WORK TO BE COMPLETED:
Scan the material below for the word "before", then copy every line in which it appears.

BEGIN

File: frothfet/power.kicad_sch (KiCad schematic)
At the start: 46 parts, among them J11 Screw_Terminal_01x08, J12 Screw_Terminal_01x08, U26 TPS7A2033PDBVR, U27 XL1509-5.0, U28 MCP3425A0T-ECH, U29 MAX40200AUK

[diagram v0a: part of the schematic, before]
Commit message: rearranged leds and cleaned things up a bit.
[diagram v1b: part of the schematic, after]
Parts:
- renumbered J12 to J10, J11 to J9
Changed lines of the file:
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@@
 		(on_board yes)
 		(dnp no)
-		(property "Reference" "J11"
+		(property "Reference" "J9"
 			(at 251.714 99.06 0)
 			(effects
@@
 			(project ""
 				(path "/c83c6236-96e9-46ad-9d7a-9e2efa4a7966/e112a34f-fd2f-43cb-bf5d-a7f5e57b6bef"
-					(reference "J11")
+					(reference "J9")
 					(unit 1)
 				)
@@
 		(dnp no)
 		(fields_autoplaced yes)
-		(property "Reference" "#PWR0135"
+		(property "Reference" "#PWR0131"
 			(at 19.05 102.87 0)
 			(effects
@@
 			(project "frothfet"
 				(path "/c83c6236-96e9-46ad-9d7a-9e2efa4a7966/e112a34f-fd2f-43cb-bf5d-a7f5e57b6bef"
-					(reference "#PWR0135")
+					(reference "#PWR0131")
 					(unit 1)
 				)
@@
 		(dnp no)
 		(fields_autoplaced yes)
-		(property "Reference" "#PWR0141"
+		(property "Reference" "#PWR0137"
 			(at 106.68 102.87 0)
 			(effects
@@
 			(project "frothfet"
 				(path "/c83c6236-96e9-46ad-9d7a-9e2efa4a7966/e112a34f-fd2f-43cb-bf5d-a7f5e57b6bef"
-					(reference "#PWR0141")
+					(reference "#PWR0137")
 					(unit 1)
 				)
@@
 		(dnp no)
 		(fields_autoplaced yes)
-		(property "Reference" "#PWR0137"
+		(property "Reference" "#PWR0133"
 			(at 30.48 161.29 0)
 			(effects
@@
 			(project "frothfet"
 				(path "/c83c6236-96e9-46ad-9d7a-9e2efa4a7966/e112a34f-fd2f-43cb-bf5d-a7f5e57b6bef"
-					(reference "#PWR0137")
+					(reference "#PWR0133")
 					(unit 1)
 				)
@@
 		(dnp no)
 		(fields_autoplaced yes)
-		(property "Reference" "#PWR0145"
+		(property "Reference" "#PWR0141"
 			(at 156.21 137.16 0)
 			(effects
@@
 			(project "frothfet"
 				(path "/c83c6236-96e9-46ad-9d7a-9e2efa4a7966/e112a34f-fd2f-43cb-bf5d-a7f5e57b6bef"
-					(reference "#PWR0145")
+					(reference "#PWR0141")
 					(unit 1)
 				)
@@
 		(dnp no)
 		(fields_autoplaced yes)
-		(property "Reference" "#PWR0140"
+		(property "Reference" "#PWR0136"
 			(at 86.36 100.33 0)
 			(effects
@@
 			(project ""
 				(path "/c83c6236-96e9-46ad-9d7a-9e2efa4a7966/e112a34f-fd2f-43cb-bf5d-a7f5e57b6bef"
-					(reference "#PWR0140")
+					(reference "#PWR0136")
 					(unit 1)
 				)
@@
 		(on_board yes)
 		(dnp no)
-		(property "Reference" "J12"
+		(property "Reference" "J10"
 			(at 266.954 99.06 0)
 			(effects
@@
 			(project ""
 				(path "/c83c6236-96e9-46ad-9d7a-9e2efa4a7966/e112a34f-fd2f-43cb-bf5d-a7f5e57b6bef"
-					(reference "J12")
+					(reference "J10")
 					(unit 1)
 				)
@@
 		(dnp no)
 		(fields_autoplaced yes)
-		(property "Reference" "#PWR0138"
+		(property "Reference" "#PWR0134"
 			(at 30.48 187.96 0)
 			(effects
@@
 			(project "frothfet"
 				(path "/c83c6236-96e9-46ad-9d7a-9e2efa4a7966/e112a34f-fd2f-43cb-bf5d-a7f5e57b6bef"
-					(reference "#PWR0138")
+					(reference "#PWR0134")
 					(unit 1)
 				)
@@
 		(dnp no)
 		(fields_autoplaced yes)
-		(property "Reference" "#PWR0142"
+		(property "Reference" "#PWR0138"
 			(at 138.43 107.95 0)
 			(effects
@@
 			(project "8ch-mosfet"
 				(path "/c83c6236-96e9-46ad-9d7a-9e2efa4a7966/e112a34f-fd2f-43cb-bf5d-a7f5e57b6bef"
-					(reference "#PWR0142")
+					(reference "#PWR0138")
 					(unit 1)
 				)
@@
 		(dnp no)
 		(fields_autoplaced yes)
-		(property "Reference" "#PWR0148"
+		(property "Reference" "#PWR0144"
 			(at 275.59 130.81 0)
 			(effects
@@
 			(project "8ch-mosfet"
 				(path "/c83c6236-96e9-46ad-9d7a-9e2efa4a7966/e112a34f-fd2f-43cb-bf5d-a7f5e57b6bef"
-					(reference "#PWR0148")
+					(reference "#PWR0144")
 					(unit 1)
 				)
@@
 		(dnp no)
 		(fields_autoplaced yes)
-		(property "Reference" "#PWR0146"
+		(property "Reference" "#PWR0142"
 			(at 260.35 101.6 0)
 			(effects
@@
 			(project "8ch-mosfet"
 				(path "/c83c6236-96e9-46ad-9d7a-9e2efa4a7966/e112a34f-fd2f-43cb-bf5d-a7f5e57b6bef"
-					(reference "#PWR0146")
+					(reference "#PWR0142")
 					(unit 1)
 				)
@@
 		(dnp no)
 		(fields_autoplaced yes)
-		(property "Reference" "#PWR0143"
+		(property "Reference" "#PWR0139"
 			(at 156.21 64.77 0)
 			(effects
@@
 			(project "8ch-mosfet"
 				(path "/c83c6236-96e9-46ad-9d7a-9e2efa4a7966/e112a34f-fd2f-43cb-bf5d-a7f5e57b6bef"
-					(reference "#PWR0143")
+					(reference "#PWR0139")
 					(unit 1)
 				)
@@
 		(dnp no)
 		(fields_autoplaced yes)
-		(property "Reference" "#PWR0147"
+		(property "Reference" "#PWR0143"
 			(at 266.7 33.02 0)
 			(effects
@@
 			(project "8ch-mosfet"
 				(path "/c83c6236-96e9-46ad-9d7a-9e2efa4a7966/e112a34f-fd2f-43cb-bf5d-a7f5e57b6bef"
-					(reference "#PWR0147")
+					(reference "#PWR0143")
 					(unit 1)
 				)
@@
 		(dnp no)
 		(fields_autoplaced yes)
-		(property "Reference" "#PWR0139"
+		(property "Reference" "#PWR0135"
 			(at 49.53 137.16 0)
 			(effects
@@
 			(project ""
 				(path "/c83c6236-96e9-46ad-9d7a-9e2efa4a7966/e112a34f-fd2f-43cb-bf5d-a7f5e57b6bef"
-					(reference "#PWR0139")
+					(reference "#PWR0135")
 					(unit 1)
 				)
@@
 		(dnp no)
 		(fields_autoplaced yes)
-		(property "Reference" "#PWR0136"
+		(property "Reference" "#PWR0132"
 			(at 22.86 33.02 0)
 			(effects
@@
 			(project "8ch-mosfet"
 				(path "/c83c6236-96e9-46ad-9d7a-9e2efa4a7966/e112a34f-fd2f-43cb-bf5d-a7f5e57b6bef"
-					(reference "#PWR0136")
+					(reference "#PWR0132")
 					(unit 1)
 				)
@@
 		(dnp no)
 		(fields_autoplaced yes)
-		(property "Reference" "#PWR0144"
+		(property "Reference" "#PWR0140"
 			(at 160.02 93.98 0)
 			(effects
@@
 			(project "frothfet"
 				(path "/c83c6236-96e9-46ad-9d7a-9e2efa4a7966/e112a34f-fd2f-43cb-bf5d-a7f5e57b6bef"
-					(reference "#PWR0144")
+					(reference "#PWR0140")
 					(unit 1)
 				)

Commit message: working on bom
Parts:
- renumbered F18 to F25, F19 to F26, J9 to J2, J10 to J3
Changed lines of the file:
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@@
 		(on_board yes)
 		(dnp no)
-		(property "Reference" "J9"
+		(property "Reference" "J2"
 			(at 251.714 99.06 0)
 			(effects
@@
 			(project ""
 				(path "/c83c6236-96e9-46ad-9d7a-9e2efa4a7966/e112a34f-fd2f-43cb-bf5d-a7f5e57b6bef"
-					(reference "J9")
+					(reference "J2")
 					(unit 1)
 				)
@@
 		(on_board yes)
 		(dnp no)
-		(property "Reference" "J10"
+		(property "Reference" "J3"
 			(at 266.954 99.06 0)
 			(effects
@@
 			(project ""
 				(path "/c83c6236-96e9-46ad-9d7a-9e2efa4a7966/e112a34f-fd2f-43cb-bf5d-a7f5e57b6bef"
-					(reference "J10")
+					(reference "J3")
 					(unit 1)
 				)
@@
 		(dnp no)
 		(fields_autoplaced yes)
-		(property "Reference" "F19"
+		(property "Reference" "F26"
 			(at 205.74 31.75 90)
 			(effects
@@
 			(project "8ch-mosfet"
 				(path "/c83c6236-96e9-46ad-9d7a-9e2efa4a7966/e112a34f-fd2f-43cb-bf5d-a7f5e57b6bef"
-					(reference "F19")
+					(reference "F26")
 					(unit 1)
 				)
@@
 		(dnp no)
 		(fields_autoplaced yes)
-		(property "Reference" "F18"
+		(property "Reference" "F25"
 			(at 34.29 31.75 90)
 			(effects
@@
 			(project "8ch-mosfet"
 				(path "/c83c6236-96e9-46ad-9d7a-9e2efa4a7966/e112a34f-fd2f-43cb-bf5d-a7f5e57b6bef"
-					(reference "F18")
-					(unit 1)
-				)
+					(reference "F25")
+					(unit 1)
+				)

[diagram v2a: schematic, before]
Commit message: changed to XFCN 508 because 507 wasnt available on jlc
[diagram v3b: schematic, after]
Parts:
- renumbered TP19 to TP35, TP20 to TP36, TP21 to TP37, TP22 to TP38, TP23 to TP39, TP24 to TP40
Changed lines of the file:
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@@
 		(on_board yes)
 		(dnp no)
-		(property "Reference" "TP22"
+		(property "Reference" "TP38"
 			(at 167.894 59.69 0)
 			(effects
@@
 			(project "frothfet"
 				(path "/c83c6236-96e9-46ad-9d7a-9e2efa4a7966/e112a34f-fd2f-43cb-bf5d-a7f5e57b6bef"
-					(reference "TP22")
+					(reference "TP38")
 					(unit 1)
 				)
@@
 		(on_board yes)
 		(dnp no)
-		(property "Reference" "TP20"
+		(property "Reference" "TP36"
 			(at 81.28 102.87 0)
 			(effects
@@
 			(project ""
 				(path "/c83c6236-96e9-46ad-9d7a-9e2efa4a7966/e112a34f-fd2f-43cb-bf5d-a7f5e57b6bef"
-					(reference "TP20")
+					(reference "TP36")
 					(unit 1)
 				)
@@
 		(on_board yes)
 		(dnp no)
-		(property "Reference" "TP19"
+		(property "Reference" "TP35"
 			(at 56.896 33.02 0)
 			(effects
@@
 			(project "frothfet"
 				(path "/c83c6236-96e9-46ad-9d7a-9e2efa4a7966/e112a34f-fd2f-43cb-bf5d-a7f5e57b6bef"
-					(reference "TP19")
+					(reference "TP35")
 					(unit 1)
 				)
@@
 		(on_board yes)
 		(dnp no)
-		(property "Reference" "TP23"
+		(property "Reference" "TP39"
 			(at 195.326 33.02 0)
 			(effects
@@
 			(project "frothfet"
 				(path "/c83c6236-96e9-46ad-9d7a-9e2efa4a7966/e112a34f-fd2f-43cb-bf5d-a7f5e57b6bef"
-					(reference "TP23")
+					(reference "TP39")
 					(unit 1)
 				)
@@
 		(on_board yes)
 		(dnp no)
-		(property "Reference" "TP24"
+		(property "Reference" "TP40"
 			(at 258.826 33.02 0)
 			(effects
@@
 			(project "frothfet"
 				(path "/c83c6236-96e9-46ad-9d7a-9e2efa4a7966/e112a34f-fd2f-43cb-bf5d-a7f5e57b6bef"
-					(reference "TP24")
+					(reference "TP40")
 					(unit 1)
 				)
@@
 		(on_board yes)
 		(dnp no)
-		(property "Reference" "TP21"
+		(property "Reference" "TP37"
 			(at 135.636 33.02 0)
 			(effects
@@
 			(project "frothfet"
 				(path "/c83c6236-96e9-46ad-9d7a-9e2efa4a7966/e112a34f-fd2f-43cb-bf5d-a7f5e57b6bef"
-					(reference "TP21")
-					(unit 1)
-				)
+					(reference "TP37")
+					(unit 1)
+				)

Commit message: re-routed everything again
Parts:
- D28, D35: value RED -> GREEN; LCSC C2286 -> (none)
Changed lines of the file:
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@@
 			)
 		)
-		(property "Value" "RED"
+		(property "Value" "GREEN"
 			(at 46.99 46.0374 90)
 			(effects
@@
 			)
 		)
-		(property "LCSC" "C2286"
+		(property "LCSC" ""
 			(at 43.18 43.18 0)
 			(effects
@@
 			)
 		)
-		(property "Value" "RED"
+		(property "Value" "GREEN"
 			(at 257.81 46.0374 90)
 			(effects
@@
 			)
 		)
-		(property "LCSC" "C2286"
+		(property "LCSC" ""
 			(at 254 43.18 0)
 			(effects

END

EXPECTED OUTPUT:
[diagram v0a: part of the schematic, before]
[diagram v2a: schematic, before]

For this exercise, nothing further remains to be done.